Extract data from the following text:
<text>
# Structured Data
By Hadley Wickham
When using an LLM to extract data from text or images, you can ask the chatbot to nicely format it, in JSON or any other format that you like.
</text>
"
chat <- chat_openai()
#> Using model = "gpt-4o".
chat$extract_data(prompt, type = type_article)
#> $title
#> [1] "Structured Data"
#>
#> $author
#> [1] "Hadley Wickham"
#>
#> $date
#> [1] "2023-10-20"
str(data)
#> 'data.frame': 2 obs. of 9 variables:
#> $ assert_name : chr "11 Zinfandel Lane - Home & Vineyard [RP]" "25 Point Lobos - Commercial Property [RP]"
#> $ owner : chr "JT" "SP"
#> $ location : chr "St. Helena/Napa, CA, US" "San Francisco/San Francisco, CA, US"
#> $ asset_value_low : int 5000001 5000001
#> $ asset_value_high: int 25000000 25000000
#> $ income_type : chr "Grape Sales" "Rent"
#> $ income_low : int 100001 100001
#> $ income_high : int 1000000 1000000
#> $ tx_gt_1000 : logi TRUE FALSE
Note that I’ve used more of an explict prompt here.

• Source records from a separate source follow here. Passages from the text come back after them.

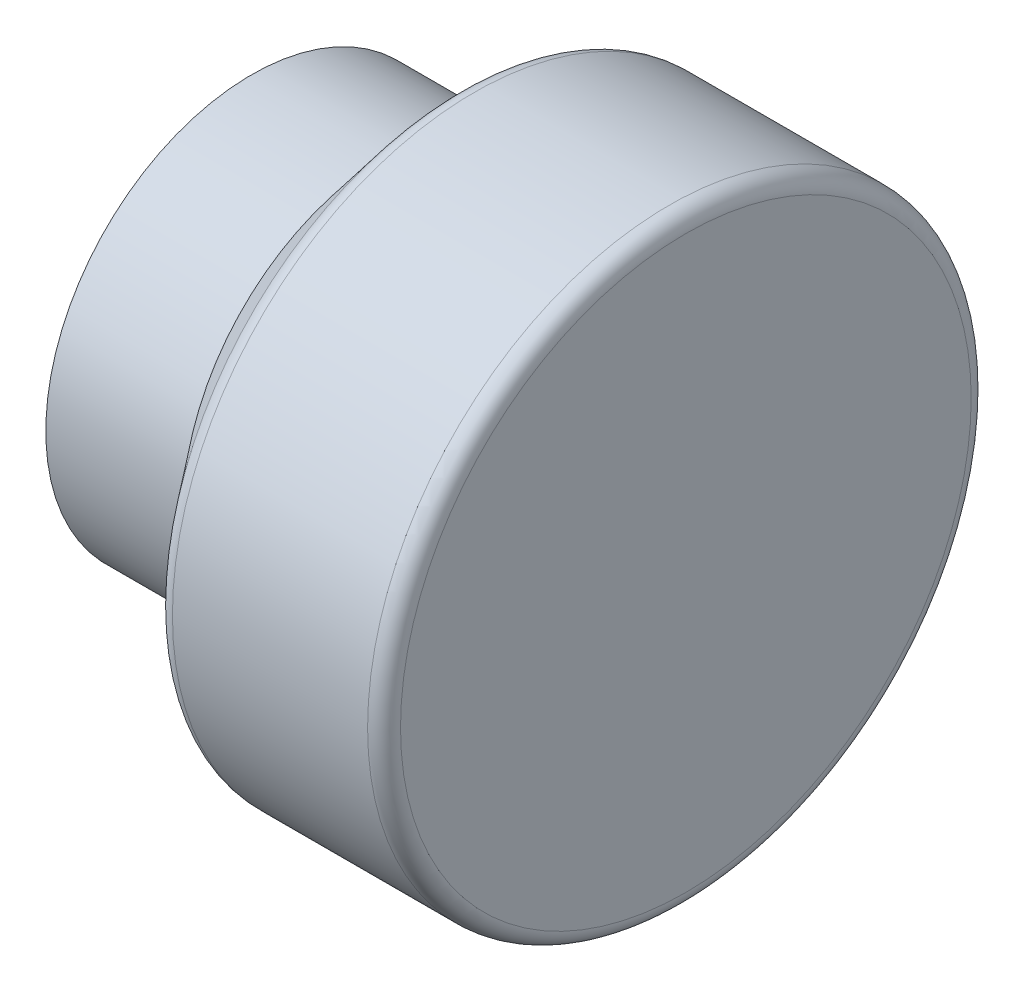
SolidWorks part; units mm, degrees
ref_plane "Front Plane" through (0, 0, 0) normal (0, 0, 1) x (1, 0, 0)
ref_plane "Top Plane" through (0, 0, 0) normal (0, 1, 0) x (1, 0, 0)
ref_plane "Right Plane" through (0, 0, 0) normal (1, 0, 0) x (0, 0, -1)
sketch "Sketch1" plane through (0, 0, 0) normal (0, 1, 0) x (1, 0, 0)
  line L0 (-37.0292, 17.4625) -> (-37.0292, 19.05)
  line L1 (-37.0292, 19.05) -> (-24.3292, 19.05)
  line L2 (-24.3292, 19.05) -> (-17.145, 27.94)
  line L3 (-17.145, 27.94) -> (3.175, 27.94)
  line L4 (3.175, 27.94) -> (3.175, 0)
  line L5 (3.175, 0) -> (0, 0)
  line L6 (0, 0) -> (0, 24.765)
  line L7 (0, 24.765) -> (-15.6286, 24.765)
  line L8 (-15.6286, 24.765) -> (-22.8128, 15.875)
  line L9 (-22.8128, 15.875) -> (-35.429, 15.875)
  line L10 (-35.429, 15.875) -> (-35.429, 17.4625)
  line L11 (-35.429, 17.4625) -> (-37.0292, 17.4625)
  point P2 (0, 0)
  point P14 (4.3312, 0)
  dimension "D1" = 27.94
  dimension "D2" = 20.32
  dimension "D3" = 12.7
  dimension "D4" = 1.6002
  dimension "D5" = 3.175
  dimension "D6" = 3.175
  dimension "D7" = 3.175
  dimension "D8" = 3.175
  dimension "D9" = 17.4625
  dimension "D10" = 15.875
  dimension "D11" = 11.43
revolve "Revolve1" add sketch "Sketch1" angle 360 about L5
fillet "Fillet1" radius 1.524 2 edges at (3.175, 0, -27.94) (-17.145, 0, -27.94)
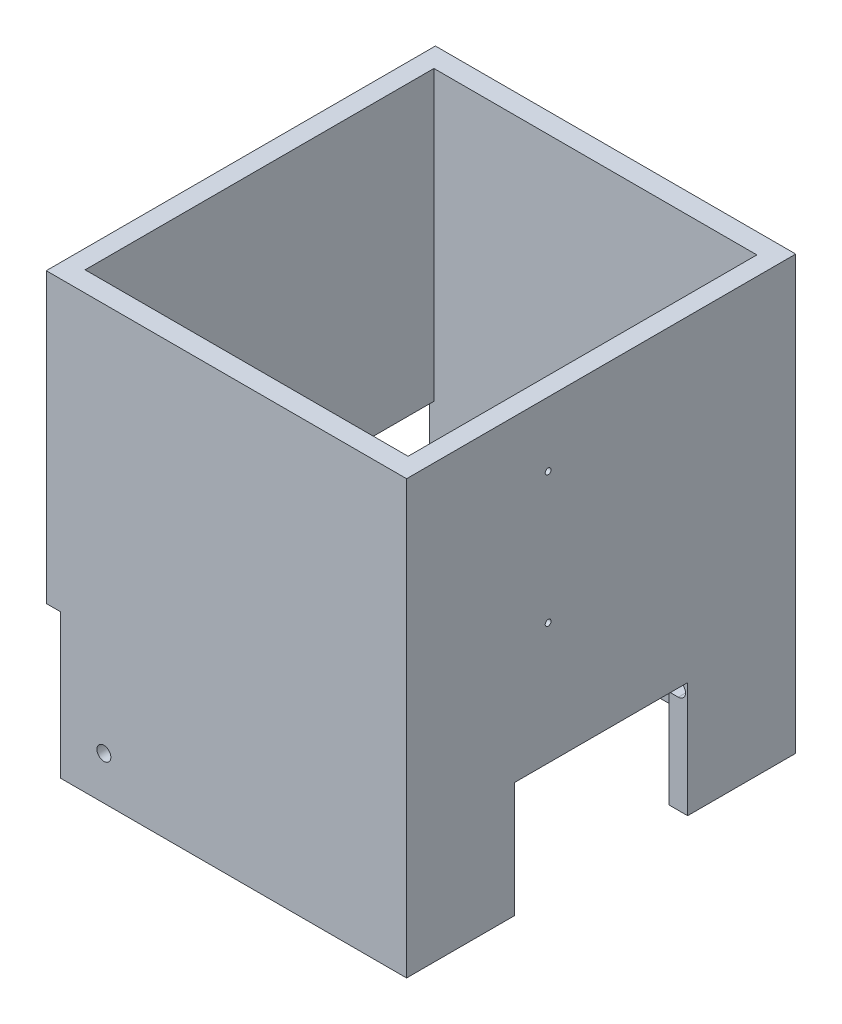
SolidWorks part; units mm, degrees
material "ABS"
ref_plane "Front" through (0, 0, 0) normal (0, 0, 1) x (1, 0, 0)
ref_plane "Top" through (0, 0, 0) normal (0, 1, 0) x (1, 0, 0)
ref_plane "Right" through (0, 0, 0) normal (1, 0, 0) x (0, 0, -1)
sketch "Sketch1" plane through (0, 0, 0) normal (0, 1, 0) x (1, 0, 0)
  line L1 (-62.5, 67.5) -> (62.5, 67.5)
  line L2 (-62.5, 67.5) -> (-62.5, -67.5)
  line L3 (-62.5, -67.5) -> (62.5, -67.5)
  line L4 (62.5, 67.5) -> (62.5, -67.5)
  line L5 (-62.5, 67.5) -> (62.5, -67.5) construction
  line L6 (-62.5, -67.5) -> (62.5, 67.5) construction
  line L7 (-56.0185, -60.5) -> (56.0185, -60.5)
  line L8 (-56.0185, -60.5) -> (-56.0185, 60.5)
  line L9 (-56.0185, 60.5) -> (56.0185, 60.5)
  line L10 (56.0185, -60.5) -> (56.0185, 60.5)
  line L11 (-56.0185, -60.5) -> (56.0185, 60.5) construction
  line L12 (-56.0185, 60.5) -> (56.0185, -60.5) construction
  point P0 (0, 0)
  point P6 (0, 0)
  point P11 (0, 0)
  dimension "D1" = 125
  dimension "D2" = 135
  dimension "D3" = 121
extrude "Boss-Extrude1" add sketch "Sketch1" along normal blind 150
sketch "Sketch3" plane through (0, 0, 0) normal (0, 0, 1) x (1, 0, 0)
  line L1 (-62.5, 0) -> (-57.5, 0)
  line L2 (-62.5, 0) -> (-62.5, 50)
  line L3 (-62.5, 50) -> (-57.5, 50)
  line L4 (-57.5, 0) -> (-57.5, 50)
  dimension "D1" = 5
  dimension "D2" = 50
extrude "Cut-Extrude1" cut sketch "Sketch3" against normal through all and the other way through all
sketch "Sketch4" plane through (62.5, 0, 0) normal (1, 0, 0) x (0, 0, -1)
  line L0 (-67.5, 0) -> (67.5, 0) construction
  line L1 (-30, 0) -> (30, 0)
  line L2 (-30, 0) -> (-30, 40)
  line L3 (-30, 40) -> (30, 40)
  line L4 (30, 0) -> (30, 40)
  point P6 (0, 0)
  dimension "D1" = 40
  dimension "D2" = 60
extrude "Cut-Extrude2" cut sketch "Sketch4" against normal up to next
sketch "Sketch9" plane through (0, 0, 67.5) normal (0, 0, 1) x (1, 0, 0)
  circle A0 centre (-42.5, 15) radius 2.413 construction
  point P0 (-42.5, 15)
hole_wizard "#10 Clearance Hole1" positions "Sketch10" profile "Sketch11" hole size "#10" standard "ANSI Inch"
sketch "Sketch10" plane through (0, 0, 67.5) normal (0, 0, 1) x (1, 0, 0)
  point P0 (-42.5, 15)
sketch "Sketch11" plane through (-42.5, 15, 67.5) normal (1, 0, 0) x (0, -1, 0)
  line L0 (0, 0) -> (0, 26.8499)
  line L1 (0, 26.8499) -> (2.413, 25.4)
  line L2 (2.413, 25.4) -> (2.413, 0)
  line L5 (2.413, 0) -> (0, 0)
  line L10 (0, 26.8499) -> (-2.413, 25.4) construction
  line L11 (0, -6.35) -> (0, 107.95) construction
  dimension "Hole Dia." = 4.826
  dimension "Hole Depth" = 25.4
  dimension "Drill Angle" = 118
mirror "Mirror1" about plane through (0, 0, 0) normal (0, 0, 1) of "#10 Clearance Hole1"
sketch "Sketch12" plane through (0, 0, 0) normal (0, 0, 1) x (1, 0, 0)
  line L0 (56.0185, 39) -> (56.0185, 34)
  line L1 (56.0185, 0) -> (56.0185, 40) construction
  line L2 (56.0185, 150) -> (56.0185, 0) construction
  line L3 (56.0185, 34) -> (59.2593, 34)
  line L4 (56.0185, 39) -> (59.2593, 39)
  line L5 (56.0185, 0) -> (62.5, 0) construction
  line L6 (56.0185, 40) -> (62.5, 40) construction
  arc A0 (59.2593, 39) -> (59.2593, 34) centre (59.2593, 36.5) cw
  point P11 (59.2593, 0)
  dimension "D1" = 2.5
  dimension "D2" = 1
extrude "Cut-Extrude3" cut sketch "Sketch12" against normal mid plane 75
hole_wizard "#2 Clearance Hole1" positions "Sketch15" profile "Sketch16" hole size "#2" standard "ANSI Inch" end condition up to next
sketch "Sketch15" plane through (62.5, 0, 0) normal (1, 0, 0) x (0, 0, -1)
  point P0 (-18.3915, 127.6569)
  point P3 (-18.3915, 82.1569)
sketch "Sketch16" plane through (62.5, 127.6569, 18.3915) normal (0, 1, 0) x (0, 0, -1)
  line L0 (0, 0) -> (0, 6.4815)
  line L1 (0, 6.4815) -> (1.016, 6.4815)
  line L2 (1.016, 6.4815) -> (1.016, 0)
  line L5 (1.016, 0) -> (0, 0)
  line L11 (0, -6.35) -> (0, 107.95) construction
  dimension "Thru Hole Dia." = 2.032
  dimension "Thru Hole Depth" = 6.4815
hole_wizard "#3 Clearance Hole1" positions "Sketch17" profile "Sketch18" hole size "#3" standard "ANSI Inch"
sketch "Sketch17" plane through (-56.0185, 0, 0) normal (1, 0, 0) x (0, 0, -1)
  point P0 (10.2126, 67.1121)
  point P3 (18.7126, 67.1121)
sketch "Sketch18" plane through (-56.0185, 67.1121, -10.2126) normal (0, 1, 0) x (0, 0, -1)
  line L0 (0, 0) -> (0, 3.9381)
  line L1 (0, 3.9381) -> (1.27, 3.175)
  line L2 (1.27, 3.175) -> (1.27, 0.6858)
  line L3 (1.27, 0.6858) -> (1.9558, 0)
  line L5 (1.9558, 0) -> (0, 0)
  line L6 (-1.27, 0.6858) -> (-1.9558, 0) construction
  line L10 (0, 3.9381) -> (-1.27, 3.175) construction
  line L11 (0, -6.35) -> (0, 107.95) construction
  dimension "Hole Dia." = 2.54
  dimension "Hole Depth" = 3.175
  dimension "Near C'Sink Dia." = 3.9116
  dimension "Near C'Sink Angle" = 90
  dimension "Drill Angle" = 118
sketch "Sketch19" plane through (-57.5, 0, 0) normal (-1, 0, 0) x (0, 0, 1)
  line L0 (-67.5, 0) -> (67.5, 0) construction
  line L1 (-60.5, 0) -> (60.5, 0)
  line L2 (-60.5, 0) -> (-60.5, 50)
  line L3 (-60.5, 50) -> (60.5, 50)
  line L4 (60.5, 0) -> (60.5, 50)
  line L5 (-67.5, 50) -> (67.5, 50) construction
  line L6 (-67.5, 0) -> (-67.5, 50) construction
  line L7 (67.5, 0) -> (67.5, 50) construction
  point P8 (0, 0)
  point P9 (0, 0)
  point P10 (60.0929, 0)
  point P11 (0, 0)
  dimension "D1" = 7
  dimension "D2" = 7
extrude "Cut-Extrude4" cut sketch "Sketch19" against normal up to next

For this example, I found that this generated better results, and it’s a useful place to put additional instructions.
If let the LLM know that the fields are all optional, it’ll instead
return NULL
for the missing fields:
type_article <- type_object(
"Information about an article written in markdown",
title = type_string("Article title", required = FALSE),
author = type_string("Name of the author", required = FALSE),
date = type_string("Date written in YYYY-MM-DD format.", required = FALSE)
)
chat$extract_data(prompt, type = type_article)
#> $title
#> [1] "Structured Data"
#>
#> $author
#> [1] "Hadley Wickham"
#>
#> $date
#> NULL
Data frames
If you want to define a data frame like object, you might be tempted to create a definition similar to what R uses: an object (i.e. a named list) containing multiple vectors (i.e. arrays):
type_my_df <- type_object(
name = type_array(items = type_string()),
age = type_array(items = type_integer()),
height = type_array(items = type_number()),
weight = type_array(items = type_number())
)
This however, is not quite right becuase there’s no way to specify that each array should have the same length. Instead you need to turn the data structure “inside out”, and instead create an array of objects:
type_my_df <- type_array(
items = type_object(
name = type_string(),
age = type_integer(),
height = type_number(),
weight = type_number()
)
)
If you’re familiar with the terms between row-oriented and column-oriented data frames, this is the same idea. Since most language don’t possess vectorisation like R, row-oriented structures tend to be much more common in the wild.